Ailton: Er hat meinem Berater gesagt, Uerdingen spielt in der dritten Liga. Er hat gelogen.
EXPRESS: Er hat geflunkert, weil er nicht wollte, dass Sie absagen...
Ailton: Ailtons Körper gut. Nicht so gut wie 2004, nicht gut für Bayern. Aber gut genug für 2. oder 3. Liga. Aber nicht 6. Liga. Niemals!
EXPRESS: Uerdingens Präsident will Ihnen eine Perspektive bieten nach Ihrer Karriere.

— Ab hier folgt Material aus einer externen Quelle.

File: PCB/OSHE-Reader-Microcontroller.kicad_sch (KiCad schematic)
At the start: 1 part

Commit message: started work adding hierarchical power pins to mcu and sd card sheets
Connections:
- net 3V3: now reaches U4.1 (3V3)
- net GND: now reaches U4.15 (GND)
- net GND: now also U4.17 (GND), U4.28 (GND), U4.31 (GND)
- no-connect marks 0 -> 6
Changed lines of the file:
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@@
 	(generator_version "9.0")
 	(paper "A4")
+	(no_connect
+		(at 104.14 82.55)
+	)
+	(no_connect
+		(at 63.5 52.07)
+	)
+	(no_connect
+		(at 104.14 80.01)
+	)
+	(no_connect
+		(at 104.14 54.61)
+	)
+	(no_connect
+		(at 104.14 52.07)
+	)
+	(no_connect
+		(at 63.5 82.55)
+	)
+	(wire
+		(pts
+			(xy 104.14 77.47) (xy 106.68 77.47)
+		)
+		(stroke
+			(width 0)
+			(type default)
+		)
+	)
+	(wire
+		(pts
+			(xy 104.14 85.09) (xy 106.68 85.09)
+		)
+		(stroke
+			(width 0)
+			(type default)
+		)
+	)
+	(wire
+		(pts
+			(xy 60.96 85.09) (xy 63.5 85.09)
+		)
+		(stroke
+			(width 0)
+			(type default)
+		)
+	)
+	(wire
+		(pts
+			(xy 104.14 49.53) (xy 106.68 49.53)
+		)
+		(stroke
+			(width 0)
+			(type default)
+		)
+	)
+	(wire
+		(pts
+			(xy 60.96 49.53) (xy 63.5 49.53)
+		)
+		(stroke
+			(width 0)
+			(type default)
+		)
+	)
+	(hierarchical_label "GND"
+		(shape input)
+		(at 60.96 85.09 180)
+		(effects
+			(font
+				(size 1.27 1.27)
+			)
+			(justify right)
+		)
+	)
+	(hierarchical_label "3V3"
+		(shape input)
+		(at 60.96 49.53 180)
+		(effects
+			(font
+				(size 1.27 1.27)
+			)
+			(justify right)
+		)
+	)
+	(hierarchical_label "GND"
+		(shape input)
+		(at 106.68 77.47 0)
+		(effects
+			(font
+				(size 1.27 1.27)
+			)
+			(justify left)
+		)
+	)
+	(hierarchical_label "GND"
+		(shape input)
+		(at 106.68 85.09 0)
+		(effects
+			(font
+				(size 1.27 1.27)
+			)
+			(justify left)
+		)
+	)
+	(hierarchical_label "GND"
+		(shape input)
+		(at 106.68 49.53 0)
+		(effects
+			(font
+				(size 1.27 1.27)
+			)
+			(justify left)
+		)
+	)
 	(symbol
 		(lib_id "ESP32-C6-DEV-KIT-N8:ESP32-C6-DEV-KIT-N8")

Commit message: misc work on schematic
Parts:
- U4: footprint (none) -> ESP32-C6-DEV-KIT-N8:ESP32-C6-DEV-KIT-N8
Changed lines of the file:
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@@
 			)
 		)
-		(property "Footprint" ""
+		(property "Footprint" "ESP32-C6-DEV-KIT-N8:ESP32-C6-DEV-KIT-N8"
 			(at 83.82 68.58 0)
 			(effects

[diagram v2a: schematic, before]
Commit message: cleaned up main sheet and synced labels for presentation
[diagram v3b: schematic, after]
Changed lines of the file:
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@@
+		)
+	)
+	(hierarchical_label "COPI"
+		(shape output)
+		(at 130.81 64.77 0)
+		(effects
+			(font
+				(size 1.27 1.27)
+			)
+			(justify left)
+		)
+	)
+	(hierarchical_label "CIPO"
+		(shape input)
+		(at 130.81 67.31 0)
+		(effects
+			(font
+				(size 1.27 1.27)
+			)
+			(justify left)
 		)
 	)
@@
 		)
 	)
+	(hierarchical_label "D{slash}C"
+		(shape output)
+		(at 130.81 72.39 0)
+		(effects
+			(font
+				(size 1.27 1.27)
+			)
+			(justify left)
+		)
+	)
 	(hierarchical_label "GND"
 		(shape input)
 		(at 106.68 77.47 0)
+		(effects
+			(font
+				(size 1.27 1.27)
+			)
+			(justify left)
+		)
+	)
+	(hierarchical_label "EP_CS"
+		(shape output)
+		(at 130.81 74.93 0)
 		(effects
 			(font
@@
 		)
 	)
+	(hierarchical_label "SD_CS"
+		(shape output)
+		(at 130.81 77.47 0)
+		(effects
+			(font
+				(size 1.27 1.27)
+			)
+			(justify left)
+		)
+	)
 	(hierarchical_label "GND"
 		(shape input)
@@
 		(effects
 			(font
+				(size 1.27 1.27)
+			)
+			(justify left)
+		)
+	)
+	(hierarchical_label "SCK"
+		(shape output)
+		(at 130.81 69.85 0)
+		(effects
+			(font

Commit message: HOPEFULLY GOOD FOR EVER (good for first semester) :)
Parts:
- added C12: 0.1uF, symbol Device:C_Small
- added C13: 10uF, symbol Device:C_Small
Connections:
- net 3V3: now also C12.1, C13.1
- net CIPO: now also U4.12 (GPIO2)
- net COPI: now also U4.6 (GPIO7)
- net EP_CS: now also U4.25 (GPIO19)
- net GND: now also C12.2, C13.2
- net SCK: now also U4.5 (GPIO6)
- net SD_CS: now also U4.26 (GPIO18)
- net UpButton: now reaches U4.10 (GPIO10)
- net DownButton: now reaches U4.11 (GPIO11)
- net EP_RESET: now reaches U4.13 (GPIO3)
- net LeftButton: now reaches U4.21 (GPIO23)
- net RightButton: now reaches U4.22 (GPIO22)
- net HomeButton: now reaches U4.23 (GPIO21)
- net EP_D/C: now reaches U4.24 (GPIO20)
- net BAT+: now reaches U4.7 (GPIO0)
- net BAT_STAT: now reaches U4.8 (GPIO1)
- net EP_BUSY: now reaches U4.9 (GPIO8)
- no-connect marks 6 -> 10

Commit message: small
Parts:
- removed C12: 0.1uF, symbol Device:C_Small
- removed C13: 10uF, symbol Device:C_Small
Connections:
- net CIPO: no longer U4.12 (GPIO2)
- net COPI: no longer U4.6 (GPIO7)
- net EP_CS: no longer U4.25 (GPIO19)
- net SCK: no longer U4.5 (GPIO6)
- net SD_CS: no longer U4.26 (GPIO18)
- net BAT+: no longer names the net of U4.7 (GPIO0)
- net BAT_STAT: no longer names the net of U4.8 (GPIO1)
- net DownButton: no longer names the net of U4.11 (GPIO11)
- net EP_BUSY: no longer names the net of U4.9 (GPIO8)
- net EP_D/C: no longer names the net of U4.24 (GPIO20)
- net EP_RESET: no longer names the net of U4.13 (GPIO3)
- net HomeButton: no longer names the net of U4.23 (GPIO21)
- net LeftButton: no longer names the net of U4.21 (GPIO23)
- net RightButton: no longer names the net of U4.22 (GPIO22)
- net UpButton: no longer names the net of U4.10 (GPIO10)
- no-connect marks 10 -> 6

Ailton: Ich brauche das nicht. Ailton hat eine Ranch in Brasilien. Dahin kehre ich zurück. Deutschland ist ein tolles Land. Aber 6. Liga - nie im Leben.
EXPRESS: Haben Sie mit dem Präsidenten gesprochen?
Ailton: Nie. Ailton stinksauer. Er will mit meinem Namen Schlagzeilen machen. Schreiben Sie das bitte auch.
EXPRESS: Machen wir. Aber wir werden auch Uerdingens Klubboss befragen.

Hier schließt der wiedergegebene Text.